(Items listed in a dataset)
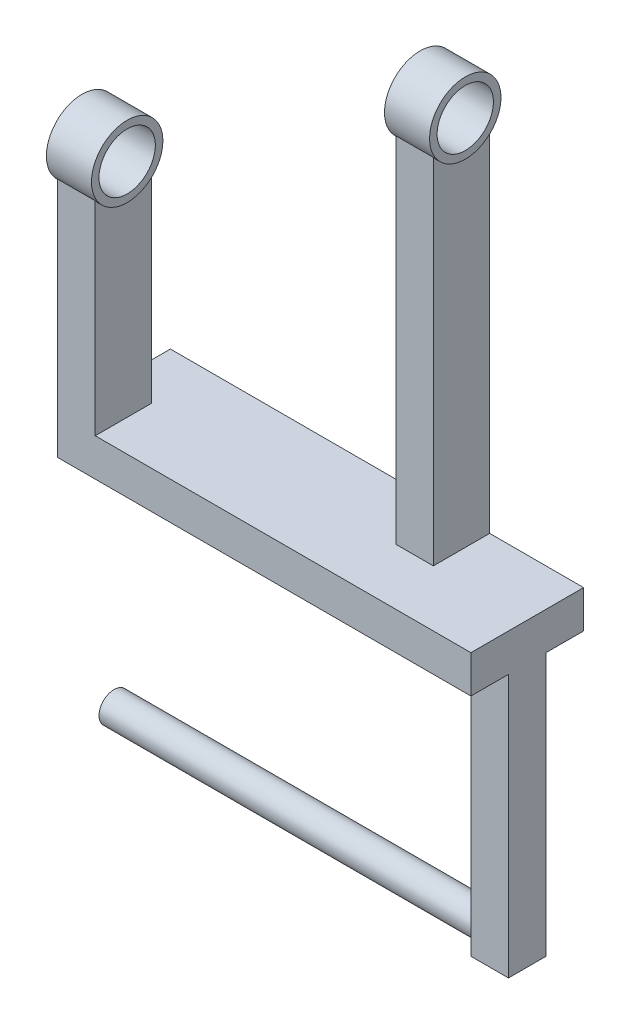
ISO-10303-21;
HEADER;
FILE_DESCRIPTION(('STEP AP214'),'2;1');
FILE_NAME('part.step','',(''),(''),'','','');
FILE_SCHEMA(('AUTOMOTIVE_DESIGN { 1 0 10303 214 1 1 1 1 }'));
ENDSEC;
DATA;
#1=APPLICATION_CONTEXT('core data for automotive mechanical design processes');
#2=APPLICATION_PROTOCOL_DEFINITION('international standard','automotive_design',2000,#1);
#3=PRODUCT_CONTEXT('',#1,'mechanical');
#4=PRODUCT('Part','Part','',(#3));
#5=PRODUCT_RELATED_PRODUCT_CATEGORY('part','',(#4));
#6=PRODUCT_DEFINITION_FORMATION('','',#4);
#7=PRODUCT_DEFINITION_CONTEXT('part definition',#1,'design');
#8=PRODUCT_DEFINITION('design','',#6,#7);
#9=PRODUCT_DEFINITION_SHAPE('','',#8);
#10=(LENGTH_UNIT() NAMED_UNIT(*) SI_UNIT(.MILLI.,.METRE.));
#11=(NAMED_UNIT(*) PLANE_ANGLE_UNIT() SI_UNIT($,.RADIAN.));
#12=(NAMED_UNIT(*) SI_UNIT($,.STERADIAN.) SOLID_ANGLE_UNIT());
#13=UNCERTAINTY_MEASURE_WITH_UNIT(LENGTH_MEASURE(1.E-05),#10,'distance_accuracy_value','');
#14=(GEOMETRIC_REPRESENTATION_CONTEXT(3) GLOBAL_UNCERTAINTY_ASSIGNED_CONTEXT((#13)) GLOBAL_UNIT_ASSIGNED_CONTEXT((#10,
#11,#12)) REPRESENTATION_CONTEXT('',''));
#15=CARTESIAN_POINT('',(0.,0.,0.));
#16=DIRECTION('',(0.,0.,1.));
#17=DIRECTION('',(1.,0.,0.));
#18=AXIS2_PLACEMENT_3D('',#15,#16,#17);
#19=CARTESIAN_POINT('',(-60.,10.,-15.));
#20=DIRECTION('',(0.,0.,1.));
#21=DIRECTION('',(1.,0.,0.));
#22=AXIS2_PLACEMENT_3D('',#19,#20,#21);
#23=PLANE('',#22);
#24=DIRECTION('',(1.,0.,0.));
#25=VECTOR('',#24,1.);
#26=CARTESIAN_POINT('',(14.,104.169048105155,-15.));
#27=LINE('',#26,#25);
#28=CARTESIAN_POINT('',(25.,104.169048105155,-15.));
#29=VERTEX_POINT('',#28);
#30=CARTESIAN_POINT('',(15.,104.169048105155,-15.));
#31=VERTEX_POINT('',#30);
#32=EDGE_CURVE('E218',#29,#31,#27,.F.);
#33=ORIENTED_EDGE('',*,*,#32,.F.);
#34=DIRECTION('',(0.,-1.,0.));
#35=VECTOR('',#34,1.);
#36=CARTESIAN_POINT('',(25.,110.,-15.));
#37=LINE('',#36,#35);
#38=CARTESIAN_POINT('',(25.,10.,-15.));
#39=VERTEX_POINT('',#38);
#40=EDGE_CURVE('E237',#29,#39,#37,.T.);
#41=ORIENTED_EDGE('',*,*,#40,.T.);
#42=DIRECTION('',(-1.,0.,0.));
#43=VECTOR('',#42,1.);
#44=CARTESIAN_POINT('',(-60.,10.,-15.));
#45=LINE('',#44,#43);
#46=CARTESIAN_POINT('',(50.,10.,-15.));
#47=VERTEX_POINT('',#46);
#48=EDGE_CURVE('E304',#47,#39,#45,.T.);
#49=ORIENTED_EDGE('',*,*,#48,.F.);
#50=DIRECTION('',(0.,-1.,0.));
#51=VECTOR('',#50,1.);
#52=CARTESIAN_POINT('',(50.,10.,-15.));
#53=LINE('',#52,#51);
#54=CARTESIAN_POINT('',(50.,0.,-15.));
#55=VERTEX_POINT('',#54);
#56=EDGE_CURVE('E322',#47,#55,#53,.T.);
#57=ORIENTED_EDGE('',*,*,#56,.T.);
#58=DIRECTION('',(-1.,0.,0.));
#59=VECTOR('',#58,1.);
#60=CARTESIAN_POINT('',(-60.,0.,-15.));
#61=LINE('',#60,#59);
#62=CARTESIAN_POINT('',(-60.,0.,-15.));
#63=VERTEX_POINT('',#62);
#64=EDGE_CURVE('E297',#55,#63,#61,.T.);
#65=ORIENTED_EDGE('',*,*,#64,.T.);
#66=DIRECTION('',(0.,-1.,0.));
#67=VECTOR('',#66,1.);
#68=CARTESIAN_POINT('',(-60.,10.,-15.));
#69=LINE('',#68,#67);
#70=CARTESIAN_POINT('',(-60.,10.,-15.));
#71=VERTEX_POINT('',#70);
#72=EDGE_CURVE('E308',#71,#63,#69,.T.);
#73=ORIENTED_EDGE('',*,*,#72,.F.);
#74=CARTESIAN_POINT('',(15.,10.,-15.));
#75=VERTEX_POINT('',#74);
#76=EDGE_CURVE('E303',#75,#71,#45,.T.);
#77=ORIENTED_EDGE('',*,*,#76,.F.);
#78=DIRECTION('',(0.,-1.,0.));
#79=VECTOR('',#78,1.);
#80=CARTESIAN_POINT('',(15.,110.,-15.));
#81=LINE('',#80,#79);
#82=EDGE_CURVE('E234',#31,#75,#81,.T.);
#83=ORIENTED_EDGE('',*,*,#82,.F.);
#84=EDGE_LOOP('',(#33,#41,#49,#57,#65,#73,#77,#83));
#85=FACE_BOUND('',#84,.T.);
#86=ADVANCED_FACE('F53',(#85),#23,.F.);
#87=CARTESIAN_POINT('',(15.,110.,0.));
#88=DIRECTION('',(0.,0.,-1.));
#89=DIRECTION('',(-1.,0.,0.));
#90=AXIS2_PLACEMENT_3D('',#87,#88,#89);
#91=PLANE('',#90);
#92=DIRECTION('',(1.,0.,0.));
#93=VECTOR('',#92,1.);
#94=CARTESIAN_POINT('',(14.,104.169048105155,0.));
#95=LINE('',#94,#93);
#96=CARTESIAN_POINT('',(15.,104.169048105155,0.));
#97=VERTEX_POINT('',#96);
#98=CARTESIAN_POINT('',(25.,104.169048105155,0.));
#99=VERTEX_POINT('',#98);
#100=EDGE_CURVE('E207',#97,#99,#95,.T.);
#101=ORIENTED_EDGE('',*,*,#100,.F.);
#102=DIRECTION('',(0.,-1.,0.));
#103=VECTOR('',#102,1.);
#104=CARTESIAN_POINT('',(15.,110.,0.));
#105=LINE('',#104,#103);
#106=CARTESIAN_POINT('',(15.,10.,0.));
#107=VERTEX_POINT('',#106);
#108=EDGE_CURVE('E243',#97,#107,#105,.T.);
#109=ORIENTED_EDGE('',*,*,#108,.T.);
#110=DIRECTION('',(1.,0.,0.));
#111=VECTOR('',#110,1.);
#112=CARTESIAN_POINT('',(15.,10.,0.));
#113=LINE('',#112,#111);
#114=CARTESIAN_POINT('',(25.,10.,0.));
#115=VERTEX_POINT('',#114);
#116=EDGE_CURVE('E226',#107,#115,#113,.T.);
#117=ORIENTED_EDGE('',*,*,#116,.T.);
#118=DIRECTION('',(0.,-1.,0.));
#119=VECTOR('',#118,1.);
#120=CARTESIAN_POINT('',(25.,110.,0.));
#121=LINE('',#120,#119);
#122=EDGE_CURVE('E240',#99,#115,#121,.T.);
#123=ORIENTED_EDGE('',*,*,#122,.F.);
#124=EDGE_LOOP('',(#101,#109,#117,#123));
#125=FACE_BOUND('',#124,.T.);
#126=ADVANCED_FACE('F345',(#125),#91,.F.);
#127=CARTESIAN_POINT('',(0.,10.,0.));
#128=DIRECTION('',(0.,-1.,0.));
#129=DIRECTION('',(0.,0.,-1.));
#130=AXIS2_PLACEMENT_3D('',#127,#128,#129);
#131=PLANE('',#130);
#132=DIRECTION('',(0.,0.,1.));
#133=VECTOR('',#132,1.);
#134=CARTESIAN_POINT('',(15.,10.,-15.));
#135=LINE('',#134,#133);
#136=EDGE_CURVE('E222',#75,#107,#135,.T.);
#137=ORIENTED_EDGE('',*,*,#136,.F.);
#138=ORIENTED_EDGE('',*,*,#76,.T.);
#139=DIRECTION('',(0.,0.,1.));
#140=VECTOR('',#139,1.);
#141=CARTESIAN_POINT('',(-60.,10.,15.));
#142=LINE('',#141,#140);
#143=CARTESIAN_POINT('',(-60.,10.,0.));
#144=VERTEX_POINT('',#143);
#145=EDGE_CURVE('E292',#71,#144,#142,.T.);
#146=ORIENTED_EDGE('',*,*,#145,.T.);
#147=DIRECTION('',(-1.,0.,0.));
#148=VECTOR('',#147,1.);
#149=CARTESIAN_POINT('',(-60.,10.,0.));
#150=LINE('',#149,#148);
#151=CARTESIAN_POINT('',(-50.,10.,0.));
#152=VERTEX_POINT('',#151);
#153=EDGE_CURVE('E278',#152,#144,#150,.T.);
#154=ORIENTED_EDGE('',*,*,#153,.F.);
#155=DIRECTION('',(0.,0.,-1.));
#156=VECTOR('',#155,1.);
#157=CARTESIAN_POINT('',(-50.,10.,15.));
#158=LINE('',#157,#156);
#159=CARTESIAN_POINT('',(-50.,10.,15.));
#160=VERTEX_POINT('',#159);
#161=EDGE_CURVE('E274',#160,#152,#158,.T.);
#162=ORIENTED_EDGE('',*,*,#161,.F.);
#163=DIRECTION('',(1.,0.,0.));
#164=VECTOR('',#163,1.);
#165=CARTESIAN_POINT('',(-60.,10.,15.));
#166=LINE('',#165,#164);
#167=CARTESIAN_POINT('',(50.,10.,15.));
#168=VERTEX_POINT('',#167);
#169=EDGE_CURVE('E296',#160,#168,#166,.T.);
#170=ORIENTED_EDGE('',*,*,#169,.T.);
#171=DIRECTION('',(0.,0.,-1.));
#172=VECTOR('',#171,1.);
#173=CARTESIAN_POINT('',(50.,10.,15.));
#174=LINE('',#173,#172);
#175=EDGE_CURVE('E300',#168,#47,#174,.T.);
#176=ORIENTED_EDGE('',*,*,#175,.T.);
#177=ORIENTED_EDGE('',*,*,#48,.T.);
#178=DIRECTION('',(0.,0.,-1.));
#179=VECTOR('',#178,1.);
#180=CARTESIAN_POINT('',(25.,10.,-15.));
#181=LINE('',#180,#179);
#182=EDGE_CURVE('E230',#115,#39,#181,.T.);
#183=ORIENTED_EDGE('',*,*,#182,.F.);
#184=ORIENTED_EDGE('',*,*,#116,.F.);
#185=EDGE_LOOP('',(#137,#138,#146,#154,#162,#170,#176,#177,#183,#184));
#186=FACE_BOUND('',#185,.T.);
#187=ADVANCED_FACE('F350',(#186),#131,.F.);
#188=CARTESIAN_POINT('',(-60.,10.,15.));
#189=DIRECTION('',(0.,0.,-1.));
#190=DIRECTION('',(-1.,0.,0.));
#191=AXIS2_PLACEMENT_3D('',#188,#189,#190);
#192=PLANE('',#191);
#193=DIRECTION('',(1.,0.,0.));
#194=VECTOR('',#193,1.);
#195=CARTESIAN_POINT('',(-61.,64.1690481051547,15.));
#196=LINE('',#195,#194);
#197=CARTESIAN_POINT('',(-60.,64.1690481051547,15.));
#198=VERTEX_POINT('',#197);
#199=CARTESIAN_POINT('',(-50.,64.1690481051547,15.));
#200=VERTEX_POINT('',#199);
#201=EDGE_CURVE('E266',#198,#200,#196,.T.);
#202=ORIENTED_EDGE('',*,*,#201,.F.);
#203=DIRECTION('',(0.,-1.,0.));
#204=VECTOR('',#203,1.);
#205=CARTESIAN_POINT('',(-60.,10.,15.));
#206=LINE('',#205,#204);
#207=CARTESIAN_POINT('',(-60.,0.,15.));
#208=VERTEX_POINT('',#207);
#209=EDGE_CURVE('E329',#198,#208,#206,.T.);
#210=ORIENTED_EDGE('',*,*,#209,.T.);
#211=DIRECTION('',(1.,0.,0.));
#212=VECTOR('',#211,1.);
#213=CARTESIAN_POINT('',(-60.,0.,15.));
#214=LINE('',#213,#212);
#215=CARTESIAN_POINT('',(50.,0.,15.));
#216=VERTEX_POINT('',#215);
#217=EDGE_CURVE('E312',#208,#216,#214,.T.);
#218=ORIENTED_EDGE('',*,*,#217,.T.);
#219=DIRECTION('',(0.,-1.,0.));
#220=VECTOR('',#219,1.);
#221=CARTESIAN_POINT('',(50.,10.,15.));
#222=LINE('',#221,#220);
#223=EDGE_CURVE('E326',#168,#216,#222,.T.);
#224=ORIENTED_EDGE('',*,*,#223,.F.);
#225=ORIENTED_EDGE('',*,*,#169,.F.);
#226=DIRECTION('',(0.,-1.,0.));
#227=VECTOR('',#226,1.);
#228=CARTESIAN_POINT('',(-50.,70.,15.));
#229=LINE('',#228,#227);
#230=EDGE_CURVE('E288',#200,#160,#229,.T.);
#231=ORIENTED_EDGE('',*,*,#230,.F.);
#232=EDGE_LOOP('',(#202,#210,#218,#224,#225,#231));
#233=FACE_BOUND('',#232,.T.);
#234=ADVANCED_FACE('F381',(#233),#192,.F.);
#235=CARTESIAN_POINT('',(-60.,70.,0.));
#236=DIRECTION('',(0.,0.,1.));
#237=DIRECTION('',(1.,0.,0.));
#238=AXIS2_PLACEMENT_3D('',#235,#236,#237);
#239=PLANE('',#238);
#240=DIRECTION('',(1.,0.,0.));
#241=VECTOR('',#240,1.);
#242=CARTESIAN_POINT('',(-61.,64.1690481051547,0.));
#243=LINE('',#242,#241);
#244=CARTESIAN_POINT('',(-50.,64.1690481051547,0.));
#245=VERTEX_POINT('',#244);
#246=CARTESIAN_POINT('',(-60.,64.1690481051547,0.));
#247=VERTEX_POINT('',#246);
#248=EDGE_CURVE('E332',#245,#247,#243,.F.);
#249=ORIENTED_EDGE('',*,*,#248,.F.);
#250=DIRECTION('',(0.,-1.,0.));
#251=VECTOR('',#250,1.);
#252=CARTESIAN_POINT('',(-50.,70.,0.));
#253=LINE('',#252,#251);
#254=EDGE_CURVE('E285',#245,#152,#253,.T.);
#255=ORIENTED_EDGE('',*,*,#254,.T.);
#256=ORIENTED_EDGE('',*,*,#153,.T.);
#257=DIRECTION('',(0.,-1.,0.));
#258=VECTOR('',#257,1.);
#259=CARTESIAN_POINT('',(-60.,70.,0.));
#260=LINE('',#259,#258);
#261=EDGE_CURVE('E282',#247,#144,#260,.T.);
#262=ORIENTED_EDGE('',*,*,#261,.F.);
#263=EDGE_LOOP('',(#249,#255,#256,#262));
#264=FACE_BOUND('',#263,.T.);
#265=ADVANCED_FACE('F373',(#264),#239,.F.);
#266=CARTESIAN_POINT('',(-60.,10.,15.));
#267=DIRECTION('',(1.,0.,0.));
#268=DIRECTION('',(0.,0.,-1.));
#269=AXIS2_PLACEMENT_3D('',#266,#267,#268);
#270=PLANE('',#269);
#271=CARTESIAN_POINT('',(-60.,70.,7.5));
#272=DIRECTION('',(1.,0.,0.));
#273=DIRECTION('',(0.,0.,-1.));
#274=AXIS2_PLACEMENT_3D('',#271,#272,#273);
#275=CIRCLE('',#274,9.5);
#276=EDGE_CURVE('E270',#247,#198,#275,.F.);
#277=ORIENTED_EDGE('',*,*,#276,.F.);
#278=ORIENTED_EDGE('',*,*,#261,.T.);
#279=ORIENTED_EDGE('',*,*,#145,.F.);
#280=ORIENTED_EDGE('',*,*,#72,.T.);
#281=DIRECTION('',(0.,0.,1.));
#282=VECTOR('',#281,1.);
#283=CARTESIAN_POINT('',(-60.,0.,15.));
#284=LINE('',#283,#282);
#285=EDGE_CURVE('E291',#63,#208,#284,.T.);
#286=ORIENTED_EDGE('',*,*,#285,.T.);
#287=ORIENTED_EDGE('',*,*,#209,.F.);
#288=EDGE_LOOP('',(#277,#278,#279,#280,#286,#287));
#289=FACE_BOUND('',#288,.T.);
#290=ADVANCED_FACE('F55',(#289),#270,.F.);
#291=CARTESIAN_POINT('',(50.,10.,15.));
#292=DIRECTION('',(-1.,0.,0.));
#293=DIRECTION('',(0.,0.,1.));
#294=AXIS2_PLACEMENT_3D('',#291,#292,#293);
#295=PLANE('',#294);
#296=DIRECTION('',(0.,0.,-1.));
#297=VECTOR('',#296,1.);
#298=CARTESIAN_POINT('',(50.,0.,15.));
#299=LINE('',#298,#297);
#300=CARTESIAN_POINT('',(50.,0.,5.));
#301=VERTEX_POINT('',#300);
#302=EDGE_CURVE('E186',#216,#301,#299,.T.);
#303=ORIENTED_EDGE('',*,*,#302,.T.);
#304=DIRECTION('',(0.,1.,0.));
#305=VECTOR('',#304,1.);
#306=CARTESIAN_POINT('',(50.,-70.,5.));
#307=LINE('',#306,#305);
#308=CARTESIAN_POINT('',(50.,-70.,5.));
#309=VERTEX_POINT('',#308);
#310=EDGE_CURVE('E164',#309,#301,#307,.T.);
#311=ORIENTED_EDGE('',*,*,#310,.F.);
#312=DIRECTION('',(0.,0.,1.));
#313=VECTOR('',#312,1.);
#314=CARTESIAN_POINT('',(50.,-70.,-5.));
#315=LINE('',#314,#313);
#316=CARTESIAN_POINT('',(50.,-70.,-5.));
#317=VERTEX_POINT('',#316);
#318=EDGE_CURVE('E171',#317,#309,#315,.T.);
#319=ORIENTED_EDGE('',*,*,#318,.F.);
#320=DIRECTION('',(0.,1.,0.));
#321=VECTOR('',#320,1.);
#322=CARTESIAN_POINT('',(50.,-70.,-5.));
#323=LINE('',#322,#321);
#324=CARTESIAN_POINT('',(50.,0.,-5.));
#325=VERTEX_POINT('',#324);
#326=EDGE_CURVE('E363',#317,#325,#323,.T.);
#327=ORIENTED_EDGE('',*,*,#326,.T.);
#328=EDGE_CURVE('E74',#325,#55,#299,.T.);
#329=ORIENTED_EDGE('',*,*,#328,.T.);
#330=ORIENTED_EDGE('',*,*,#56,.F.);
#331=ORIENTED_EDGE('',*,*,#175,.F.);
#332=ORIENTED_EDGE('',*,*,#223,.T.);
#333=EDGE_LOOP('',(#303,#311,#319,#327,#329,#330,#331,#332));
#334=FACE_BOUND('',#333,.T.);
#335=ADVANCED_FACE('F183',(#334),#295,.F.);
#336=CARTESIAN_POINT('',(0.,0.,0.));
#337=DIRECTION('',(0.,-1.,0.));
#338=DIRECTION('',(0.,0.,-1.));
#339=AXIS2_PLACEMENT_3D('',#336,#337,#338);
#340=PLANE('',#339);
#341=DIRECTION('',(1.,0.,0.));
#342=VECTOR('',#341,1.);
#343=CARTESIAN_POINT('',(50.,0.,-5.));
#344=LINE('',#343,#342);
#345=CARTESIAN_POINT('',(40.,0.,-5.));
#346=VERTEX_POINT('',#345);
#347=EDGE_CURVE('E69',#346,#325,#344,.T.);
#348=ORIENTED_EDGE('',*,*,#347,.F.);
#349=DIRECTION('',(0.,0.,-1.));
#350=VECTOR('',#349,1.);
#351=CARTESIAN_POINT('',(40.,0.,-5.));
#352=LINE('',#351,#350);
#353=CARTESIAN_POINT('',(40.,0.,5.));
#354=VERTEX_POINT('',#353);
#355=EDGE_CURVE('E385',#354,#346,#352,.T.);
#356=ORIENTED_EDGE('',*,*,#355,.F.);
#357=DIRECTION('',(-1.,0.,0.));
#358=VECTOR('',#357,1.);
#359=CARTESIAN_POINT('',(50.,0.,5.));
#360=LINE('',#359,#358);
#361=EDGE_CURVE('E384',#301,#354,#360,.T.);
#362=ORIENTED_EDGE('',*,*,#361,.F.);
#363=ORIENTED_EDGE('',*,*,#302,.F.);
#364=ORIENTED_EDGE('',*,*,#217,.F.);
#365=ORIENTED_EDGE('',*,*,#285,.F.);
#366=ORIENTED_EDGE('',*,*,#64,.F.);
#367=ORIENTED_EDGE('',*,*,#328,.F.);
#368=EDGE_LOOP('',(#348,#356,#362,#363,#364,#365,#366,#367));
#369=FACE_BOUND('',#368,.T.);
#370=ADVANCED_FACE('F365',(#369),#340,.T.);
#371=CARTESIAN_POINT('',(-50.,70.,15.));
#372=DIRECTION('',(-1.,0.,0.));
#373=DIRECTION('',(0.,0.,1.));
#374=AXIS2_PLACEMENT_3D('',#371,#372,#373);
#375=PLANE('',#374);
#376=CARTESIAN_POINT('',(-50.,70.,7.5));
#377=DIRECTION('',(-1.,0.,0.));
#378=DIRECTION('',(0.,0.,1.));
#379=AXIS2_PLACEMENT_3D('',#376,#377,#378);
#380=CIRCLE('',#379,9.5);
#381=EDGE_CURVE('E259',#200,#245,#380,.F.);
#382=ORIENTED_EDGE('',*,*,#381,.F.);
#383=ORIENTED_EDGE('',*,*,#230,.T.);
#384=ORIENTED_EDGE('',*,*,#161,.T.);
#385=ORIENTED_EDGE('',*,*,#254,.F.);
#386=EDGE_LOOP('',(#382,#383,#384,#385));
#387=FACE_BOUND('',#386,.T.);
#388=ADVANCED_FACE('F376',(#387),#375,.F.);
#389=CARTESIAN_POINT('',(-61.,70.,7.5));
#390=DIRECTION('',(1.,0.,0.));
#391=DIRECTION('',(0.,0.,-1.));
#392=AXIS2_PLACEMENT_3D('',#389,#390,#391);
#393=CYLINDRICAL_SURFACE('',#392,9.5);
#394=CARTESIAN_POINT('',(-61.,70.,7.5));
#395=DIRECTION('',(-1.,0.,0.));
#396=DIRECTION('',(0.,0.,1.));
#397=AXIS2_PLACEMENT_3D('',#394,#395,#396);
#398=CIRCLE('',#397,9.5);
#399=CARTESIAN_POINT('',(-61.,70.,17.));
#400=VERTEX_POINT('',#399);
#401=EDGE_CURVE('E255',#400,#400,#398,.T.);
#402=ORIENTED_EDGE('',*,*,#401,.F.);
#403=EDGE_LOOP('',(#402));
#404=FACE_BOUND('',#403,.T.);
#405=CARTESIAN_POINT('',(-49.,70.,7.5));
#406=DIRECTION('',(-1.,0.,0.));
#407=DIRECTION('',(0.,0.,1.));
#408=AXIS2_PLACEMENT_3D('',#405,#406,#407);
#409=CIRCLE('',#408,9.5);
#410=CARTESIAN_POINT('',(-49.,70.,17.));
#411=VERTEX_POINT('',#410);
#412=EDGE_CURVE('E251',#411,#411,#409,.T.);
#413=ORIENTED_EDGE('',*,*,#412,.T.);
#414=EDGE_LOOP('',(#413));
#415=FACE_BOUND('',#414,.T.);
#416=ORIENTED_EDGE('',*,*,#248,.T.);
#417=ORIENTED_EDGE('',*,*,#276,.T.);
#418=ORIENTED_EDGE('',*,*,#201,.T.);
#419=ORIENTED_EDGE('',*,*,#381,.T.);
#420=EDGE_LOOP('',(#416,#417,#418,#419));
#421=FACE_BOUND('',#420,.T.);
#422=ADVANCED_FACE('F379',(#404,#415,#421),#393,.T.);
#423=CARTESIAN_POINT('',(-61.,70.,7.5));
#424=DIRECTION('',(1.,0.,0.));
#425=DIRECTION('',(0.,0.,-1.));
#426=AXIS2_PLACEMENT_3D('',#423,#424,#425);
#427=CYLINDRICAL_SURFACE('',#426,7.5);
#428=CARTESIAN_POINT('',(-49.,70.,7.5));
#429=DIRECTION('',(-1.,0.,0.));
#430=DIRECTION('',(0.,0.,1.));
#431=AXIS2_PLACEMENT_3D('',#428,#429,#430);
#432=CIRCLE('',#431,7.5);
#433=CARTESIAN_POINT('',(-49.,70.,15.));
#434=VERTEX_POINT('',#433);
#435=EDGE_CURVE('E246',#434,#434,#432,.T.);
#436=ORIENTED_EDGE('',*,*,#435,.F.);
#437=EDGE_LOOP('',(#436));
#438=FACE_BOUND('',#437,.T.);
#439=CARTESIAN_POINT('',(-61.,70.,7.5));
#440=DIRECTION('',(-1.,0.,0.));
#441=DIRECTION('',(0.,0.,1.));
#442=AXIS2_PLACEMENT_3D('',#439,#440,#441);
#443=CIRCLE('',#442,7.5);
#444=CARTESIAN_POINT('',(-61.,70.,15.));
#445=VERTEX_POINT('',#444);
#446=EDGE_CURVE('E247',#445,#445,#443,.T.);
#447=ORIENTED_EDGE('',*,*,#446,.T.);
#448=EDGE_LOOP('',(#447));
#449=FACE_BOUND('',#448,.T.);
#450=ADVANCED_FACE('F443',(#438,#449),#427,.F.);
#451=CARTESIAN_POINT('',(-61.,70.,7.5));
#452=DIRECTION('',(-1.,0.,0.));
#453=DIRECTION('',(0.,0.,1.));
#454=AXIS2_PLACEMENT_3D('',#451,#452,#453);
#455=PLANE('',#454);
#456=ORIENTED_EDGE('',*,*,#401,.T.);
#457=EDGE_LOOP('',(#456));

Activity: Give back the records above exactly, limited to the lines between the one holding "#169=EDGE_CURVE('E296',#160,#168,#166,.T.);" and the one holding "#181=LINE('',#180,#179);", inclusive.

Result below:
#169=EDGE_CURVE('E296',#160,#168,#166,.T.);
#170=ORIENTED_EDGE('',*,*,#169,.T.);
#171=DIRECTION('',(0.,0.,-1.));
#172=VECTOR('',#171,1.);
#173=CARTESIAN_POINT('',(50.,10.,15.));
#174=LINE('',#173,#172);
#175=EDGE_CURVE('E300',#168,#47,#174,.T.);
#176=ORIENTED_EDGE('',*,*,#175,.T.);
#177=ORIENTED_EDGE('',*,*,#48,.T.);
#178=DIRECTION('',(0.,0.,-1.));
#179=VECTOR('',#178,1.);
#180=CARTESIAN_POINT('',(25.,10.,-15.));
#181=LINE('',#180,#179);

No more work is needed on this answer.